Key Experimental Results¶
Main Results (LLaMA-2-7B, WikiText2 PPL)¶
| Method | Remove 3 | Remove 6 | Remove 9 | Remove 12 |
|---|---|---|---|---|
| SliceGPT | 108.10 | 212.89 | 291.85 | 393.89 |
| SLEB | 14.24 | 19.47 | 27.45 | 58.12 |
| Shortened-LLaMA | 16.65 | 36.37 | 81.96 | 304.52 |
| ShortGPT | 16.65 | 36.37 | 81.96 | 157.99 |
| Ours | 14.69 | 18.87 | 24.61 | 38.12 |
Ablation Study¶
| Configuration | PPL (WikiText2) | Note |
|---|---|---|
| Static single-layer removal | 15.45 | Two layers selected by independent importance |
| Recomputation scheme | 15.45 | Re-evaluate after removing one layer |
| Optimal combination | 15.43 | Global optimum accounting for inter-layer interactions |
Key Findings¶
- The proposed method yields the greatest advantage under aggressive pruning (12 layers), with PPL substantially lower than baselines (38.12 vs. 58.12–304.52).
- The method generalizes to non-Transformer architectures (RWKV-7B, Mamba-2.8B).

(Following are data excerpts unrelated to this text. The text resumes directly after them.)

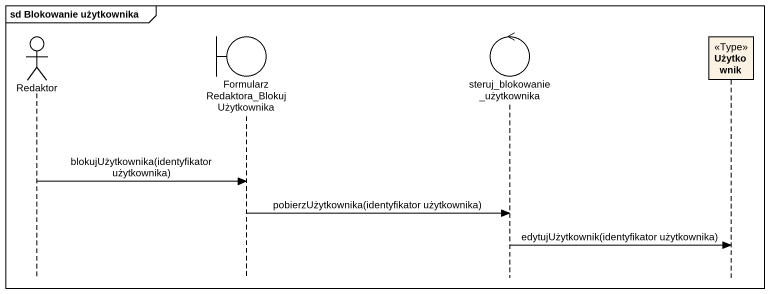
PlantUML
@startuml
mainframe sd Blokowanie użytkownika
hide footbox
actor Redaktor
boundary "FormularzRedaktora_BlokujUżytkownika" as FormularzRedaktora
control "steruj_blokowanie_użytkownika" as steruj_blokowanie
participant Użytkownik <<Type>>

Redaktor -> FormularzRedaktora : blokujUżytkownika(identyfikator użytkownika)
FormularzRedaktora -> steruj_blokowanie : pobierzUżytkownika(identyfikator użytkownika)
steruj_blokowanie -> Użytkownik : edytujUżytkownik(identyfikator użytkownika)
@enduml
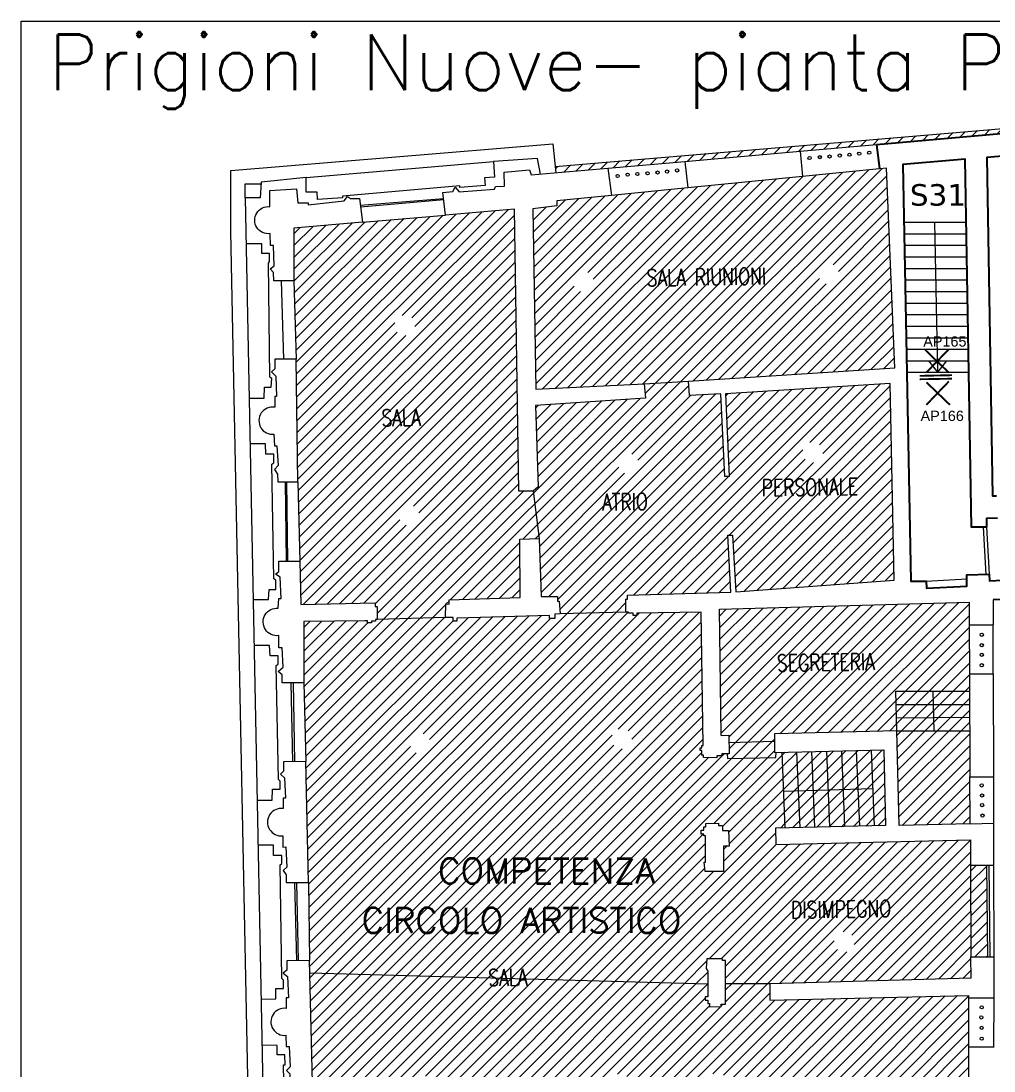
# Model space of a CAD drawing. Header units: metres. Extents: x -12244 to -4645, y -13189 to -8345.
# Drawn here: x -12244 to -9979, y -10823 to -8377 of the extents above; entities that cross this region are included whole.
import ezdxf
from ezdxf.enums import TextEntityAlignment as Align

# ---------------------------------------------------------------- set-up
doc = ezdxf.new("R2010")
doc.units = ezdxf.units.M
doc.header["$LTSCALE"] = 0.0125
doc.layers.add('CODICE LAMPADINE', color=150, linetype='Continuous')
for name, color, linetype, lineweight in [('LAMPADINE', 30, 'Continuous', 30), ('MURI', 7, 'Continuous', 9), ('scale', 161, 'Continuous', 9)]:
    doc.layers.add(name, color=color, linetype=linetype, lineweight=lineweight)
doc.styles.add('ducale_200', font='ARIAL.TTF', dxfattribs={"height": 1})
doc.styles.get("Standard").update_dxf_attribs({"font": 'romans.shx'})
pattern_1 = [(45, (112596.059, -47711.138), (-13.8312943, 13.8312943), [])]
pattern_2 = [(45, (-135785.612, -46759.069), (-13.1397296, 13.1397296), [])]

# ---------------------------------------------------------------- blocks, each defined once
blk = doc.blocks.new('re')
at = {"const_width": 0.3}
for points in [[(51.55, 419.05), (51.66, 413.81)], [(55.72, 418.12), (52.08, 414.34)], [(52.09, 417.95), (55.87, 414.31)]]:
    blk.add_lwpolyline(points, dxfattribs=at)

msp = doc.modelspace()

# ---------------------------------------------------------------- hatches: boundary and pattern name
at = {"layer": 'MURI'}
h = msp.add_hatch(dxfattribs=at)
h.set_pattern_fill('ANSI31', color=252, scale=148.659071, style=0)
h.set_pattern_definition(pattern_2)
h.paths.add_polyline_path([(-8955.9, -8552), (-8776.7, -8537.4), (-8459.5, -8512), (-8275.7, -8498.4), (-7979.7, -8475.5), (-7774.7, -8458.2), (-7544.4, -8444.7), (-7545.3, -8429.7), (-7734.1, -8438.4), (-11000.1, -8715.7), (-10998.5, -8730.3), (-10877.3, -8719.6), (-10698.5, -8703.8), (-10430.2, -8680.1), (-10251.9, -8664.4), (-9936.3, -8636.5), (-9756.5, -8620.6), (-9469.9, -8595.3), (-9289.4, -8581.4), (-9289.4, -8581.1)])
h = msp.add_hatch(dxfattribs=at)
h.set_pattern_fill('ANSI31', color=252, scale=156.483232, style=0)
h.set_pattern_definition(pattern_1)
h.paths.add_polyline_path([(-11094.8, -8815.1), (-11255.4, -8828.9), (-11448.9, -8845.5), (-11608.8, -8859.3), (-11608.3, -8981.8), (-11603.2, -9164.8), (-11599.6, -9450), (-11594.8, -9634.8), (-11592.1, -9736.3), (-11419.6, -9731.8), (-11419.4, -9740.6), (-11414.7, -9740.6), (-11414.5, -9770.9), (-11255.9, -9766.4), (-11254.7, -9734.7), (-11247.3, -9735), (-11247.3, -9724.9), (-11081.6, -9720), (-11082.8, -9583.6), (-11037.7, -9582.4), (-11051.5, -9472.4), (-11085.1, -9472.4)])
h.paths.add_polyline_path([(-11374.1, -9086, -1), (-11326.5, -9086, -1)], flags=16)
h.paths.add_polyline_path([(-11316.9, -9528.6, -1), (-11364.5, -9528.6, -1)], flags=16)
h.paths.add_polyline_path([(-10229.3, -8719.8), (-10245.3, -8721.4), (-10424.6, -8738.8), (-10424.5, -8739.2), (-10691.2, -8765.7), (-10869.5, -8783.4), (-10996.5, -8796), (-10996.5, -8807.5), (-11052.5, -8814.7), (-11044.9, -9234.8), (-10793.1, -9222.3), (-10689.7, -9216.2), (-10689.7, -9215.8), (-10209.8, -9184.6)])
h.paths.add_polyline_path([(-10959, -8984.1, -1), (-10911.4, -8984.1, -1)], flags=16)
h.paths.add_polyline_path([(-10388, -8966, -1), (-10340.4, -8966, -1)], flags=16)
h.paths.add_polyline_path([(-10614.5, -9245), (-10687.8, -9249.3), (-10689.7, -9216.2), (-10793.1, -9222.3), (-10789.7, -9255.8), (-11045.8, -9272.5), (-11039.6, -9462.3), (-11051.5, -9472.4), (-11037.7, -9582.4), (-11032.8, -9717.6), (-10995, -9717.6), (-10995, -9728.6), (-10991.3, -9728.6), (-10988.9, -9757.8), (-10835.9, -9754.1), (-10835.4, -9724), (-10832.1, -9724), (-10832.1, -9714.4), (-10591.3, -9707.2), (-10598, -9574.7), (-10587.4, -9574.2), (-10579.8, -9706.7), (-10211.3, -9679), (-10220.3, -9221), (-10603.5, -9245.5), (-10594.9, -9437.8), (-10605.4, -9437.8)])
h.paths.add_polyline_path([(-10806.2, -9408.3, -1), (-10853.8, -9408.3, -1)], flags=16)
h.paths.add_polyline_path([(-10377.3, -9381.6, -1), (-10424.9, -9381.6, -1)], flags=16)
h.paths.add_polyline_path([(-11421.8, -9331), (-11295, -9329.1), (-11295.9, -9270.6), (-11422.6, -9272.5)], flags=24)
h.paths.add_polyline_path([(-10827.9, -9004.9), (-10467.2, -8999.5), (-10468.1, -8941), (-10828.8, -8946.4)], flags=24)
h.paths.add_polyline_path([(-10543.4, -9494.1), (-10270.4, -9490), (-10271.3, -9431.5), (-10544.3, -9435.6)], flags=24)
h.paths.add_polyline_path([(-10910.4, -9527.3), (-10764.2, -9525), (-10765.1, -9466.5), (-10911.3, -9468.8)], flags=24)
h = msp.add_hatch(dxfattribs=at)
h.set_pattern_fill('ANSI31', color=252, scale=156.483232, style=0)
h.set_pattern_definition(pattern_1)
h.paths.add_polyline_path([(-10035.2, -10030.1), (-10205, -10030.7), (-10199.8, -10250.7), (-10034, -10246.8), (-10034.6, -10137.5)], flags=17)
h.paths.add_polyline_path([(-10206.9, -9938.3), (-10035.7, -9938.3), (-10035.9, -9897.2), (-10036.5, -9783.3), (-10036.8, -9730.5), (-10617.5, -9747.3), (-10614, -10040.9), (-10595.9, -10040.5), (-10595.7, -10057.2), (-10489.5, -10054.1), (-10489.5, -10037.4), (-10205, -10030.7)])
h.paths.add_polyline_path([(-10119.8, -9999.2), (-10205.6, -9999.7), (-10205, -10030.7), (-10119.1, -10030.4)], flags=17)
h.paths.add_polyline_path([(-10120.6, -9968.8), (-10206.3, -9969), (-10205.6, -9999.7), (-10119.8, -9999.2)], flags=17)
h.paths.add_polyline_path([(-10121.3, -9938.3), (-10206.9, -9938.3), (-10206.3, -9969), (-10120.6, -9968.8)], flags=16)
h.paths.add_polyline_path([(-10035.7, -9938.3), (-10121.3, -9938.3), (-10120.6, -9968.8), (-10035.5, -9968.7)], flags=17)
h.paths.add_polyline_path([(-10035.5, -9968.7), (-10120.6, -9968.8), (-10119.8, -9999.2), (-10035.4, -9998.8)], flags=17)
h.paths.add_polyline_path([(-10035.4, -9998.8), (-10119.8, -9999.2), (-10119.1, -10030.4), (-10035.2, -10030.1)], flags=17)
h.paths.add_polyline_path([(-10235.4, -10074.4), (-10264.5, -10075.1), (-10257.3, -10251.7), (-10231.2, -10251.1)], flags=17)
h.paths.add_polyline_path([(-10264.5, -10075.1), (-10299.3, -10075.9), (-10295.6, -10165.3), (-10260.9, -10164.3)], flags=17)
h.paths.add_polyline_path([(-10260.9, -10164.3), (-10295.6, -10165.3), (-10292, -10252.6), (-10257.3, -10251.7)], flags=17)
h.paths.add_polyline_path([(-10295.6, -10165.3), (-10330.3, -10166.4), (-10326.8, -10253.4), (-10292, -10252.6)], flags=17)
h.paths.add_polyline_path([(-10299.3, -10075.9), (-10334, -10076.7), (-10330.3, -10166.4), (-10295.6, -10165.3)], flags=17)
h.paths.add_polyline_path([(-10334, -10076.7), (-10368.8, -10077.6), (-10365.1, -10167.5), (-10330.3, -10166.4)], flags=17)
h.paths.add_polyline_path([(-10330.3, -10166.4), (-10365.1, -10167.5), (-10361.5, -10254.2), (-10326.8, -10253.4)], flags=17)
h.paths.add_polyline_path([(-10365.1, -10167.5), (-10399.8, -10168.5), (-10396.2, -10255.1), (-10361.5, -10254.2)], flags=17)
h.paths.add_polyline_path([(-10368.8, -10077.6), (-10403.5, -10078.4), (-10399.8, -10168.5), (-10365.1, -10167.5)], flags=17)
h.paths.add_polyline_path([(-10403.5, -10078.4), (-10438.2, -10079.2), (-10434.5, -10169.6), (-10399.8, -10168.5)], flags=17)
h.paths.add_polyline_path([(-10399.8, -10168.5), (-10434.5, -10169.6), (-10431, -10255.9), (-10396.2, -10255.1)], flags=17)
h.paths.add_polyline_path([(-10434.5, -10169.6), (-10469.3, -10170.7), (-10465.7, -10256.7), (-10431, -10255.9)], flags=17)
h.paths.add_polyline_path([(-10438.2, -10079.2), (-10473, -10080.1), (-10469.3, -10170.7), (-10434.5, -10169.6)], flags=17)
h.paths.add_polyline_path([(-10486.1, -10080.4), (-10489.5, -10080.5), (-10489.5, -10054.1), (-10595.7, -10057.2), (-10595.4, -10084), (-10599.6, -10084), (-10599.3, -10094.9), (-10486.7, -10092.7)], flags=17)
h.paths.add_polyline_path([(-10473, -10080.1), (-10486.1, -10080.4), (-10486.7, -10092.7), (-10599.3, -10094.9), (-10599.6, -10084), (-10612.1, -10084), (-10612.1, -10088.8), (-10623.6, -10088.8), (-10623.6, -10093.1), (-10655.2, -10092.6), (-10655.1, -10086.8), (-10659, -10086.8), (-10659, -10076.3), (-10662.9, -10076.3), (-10662.9, -10069.6), (-10659, -10069.6), (-10659, -10064.4), (-10655.7, -10064.4), (-10660.6, -9754.1), (-10810.4, -9756.5), (-10810.4, -9761.8), (-10818.5, -9761.8), (-10818.5, -9756.1), (-10829.7, -9756.1), (-10829.7, -9754.1), (-10835.9, -9754.1), (-10988.9, -9757.8), (-11001.2, -9758.8), (-11001.2, -9768.8), (-11013.3, -9768.8), (-11013.3, -9761.5), (-11229.1, -9767.6), (-11229.1, -9774.9), (-11237.6, -9774.9), (-11237.6, -9766.4), (-11247.4, -9766.4), (-11255.9, -9766.4), (-11414.5, -9770.9), (-11418.3, -9770.9), (-11418.3, -9774.5), (-11427.6, -9774.5), (-11427.6, -9778.8), (-11436.8, -9778.8), (-11436.8, -9773.9), (-11443.5, -9773.9), (-11585.3, -9775.8), (-11585.3, -9918.9), (-11581, -10101.5), (-11574.8, -10383.8), (-11571.8, -10565.5), (-11571.1, -10593.9), (-10645, -10619.8), (-10645, -10589.8), (-10648.4, -10583.9), (-10647.5, -10561.1), (-10610.4, -10561.1), (-10610.4, -10565.3), (-10603.6, -10565.3), (-10603.6, -10619.5), (-10500.6, -10619.5), (-10032.1, -10606.4), (-10032.3, -10556.9), (-10033.5, -10343.5), (-10033.8, -10284.2), (-10486.4, -10294.8), (-10487.5, -10257.3), (-10465.7, -10256.7)])
h.paths.add_polyline_path([(-10869.2, -10048.8, -1), (-10821.6, -10048.8, -1)], flags=16)
h.paths.add_polyline_path([(-11337.8, -10060.1, -1), (-11290.3, -10060.1, -1)], flags=16)
h.paths.add_polyline_path([(-10660.2, -10261.6), (-10654.3, -10261.6), (-10654.3, -10254.1), (-10649.2, -10254.1), (-10649.4, -10246.4), (-10619.7, -10245.6), (-10619.7, -10250.7), (-10610.4, -10250.7), (-10610.4, -10262.5), (-10596.9, -10262.5), (-10595.2, -10298.8), (-10608.7, -10298.8), (-10608.7, -10357.8), (-10650.9, -10357.8), (-10653.4, -10335.9), (-10650.1, -10335.9), (-10650.1, -10275.1), (-10654.3, -10275.1), (-10654.3, -10270.9), (-10660.2, -10270.9)], flags=16)
h.paths.add_polyline_path([(-10303.7, -10521.9, -1), (-10351.2, -10521.9, -1)], flags=16)
h.paths.add_polyline_path([(-11182.5, -10634.9), (-11055.8, -10633), (-11056.6, -10574.5), (-11183.4, -10576.4)], flags=9)
h.paths.add_polyline_path([(-10475.5, -10477.3), (-10192.8, -10473), (-10193.7, -10414.5), (-10476.4, -10418.8)], flags=24)
h.paths.add_polyline_path([(-11549.7, -10515.7), (-10607.4, -10515.7), (-10607.4, -10428.2), (-11549.7, -10428.2)], flags=24)
h.paths.add_polyline_path([(-11363.3, -10400.2), (-10770.7, -10400.2), (-10770.7, -10312.8), (-11363.3, -10312.8)], flags=24)
h.paths.add_polyline_path([(-10515.7, -9902.2), (-10223.2, -9897.8), (-10224.1, -9839.3), (-10516.6, -9843.7)], flags=24)
h = msp.add_hatch(dxfattribs=at)
h.set_pattern_fill('ANSI31', color=252, scale=148.659071, style=0)
h.set_pattern_definition(pattern_2)
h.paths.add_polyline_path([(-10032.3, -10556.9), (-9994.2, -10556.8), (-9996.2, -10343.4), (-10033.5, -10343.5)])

- It integrates seamlessly with quantization techniques for additional efficiency gains.
- Consistent accuracy improvements are observed across 8 zero-shot benchmarks.
Highlights & Insights¶
- Novel game-theoretic perspective: Shifts layer pruning from independent evaluation to global optimization accounting for inter-layer cooperation.
- Strong practicality: Surrogate network training incurs minimal overhead, and once trained, it enables rapid evaluation of a large number of mask combinations.
- Dynamic nature of layer importance: Table 1 clearly demonstrates the limitations of static rankings—the least important two-layer combination is not necessarily the globally optimal one.
Limitations & Future Work¶
- The generalization capability of the surrogate network depends on the diversity and quantity of masks sampled in Stage 1.
- The current formulation uses only PPL as the utility function, without considering downstream task-specific performance metrics.
- The budget allocation across strata in the stratified sampling strategy is relatively uniform; more adaptive allocation schemes may offer further improvements.
Related Work & Insights¶
- GTAP (Diaz-Ortiz Jr et al., 2023) pioneered the application of game theory to neuron importance estimation but was limited by computational complexity.
- The Block Influence (BI) metric from ShortGPT (Men et al., 2024) serves as an important comparison baseline.
- The surrogate network paradigm can be generalized to other scenarios requiring extensive evaluations, such as NAS and hyperparameter search.
Rating¶
- Novelty: ⭐⭐⭐⭐ The cooperative game formulation for layer pruning is a creative and well-motivated modeling choice.
- Experimental Thoroughness: ⭐⭐⭐⭐⭐ Validated across multiple models and benchmarks, with ablation studies and non-Transformer architecture experiments.
- Writing Quality: ⭐⭐⭐⭐ Motivation is articulated clearly; Table 1 is particularly convincing.
- Value: ⭐⭐⭐⭐ Provides a novel and systematic methodological contribution to LLM compression.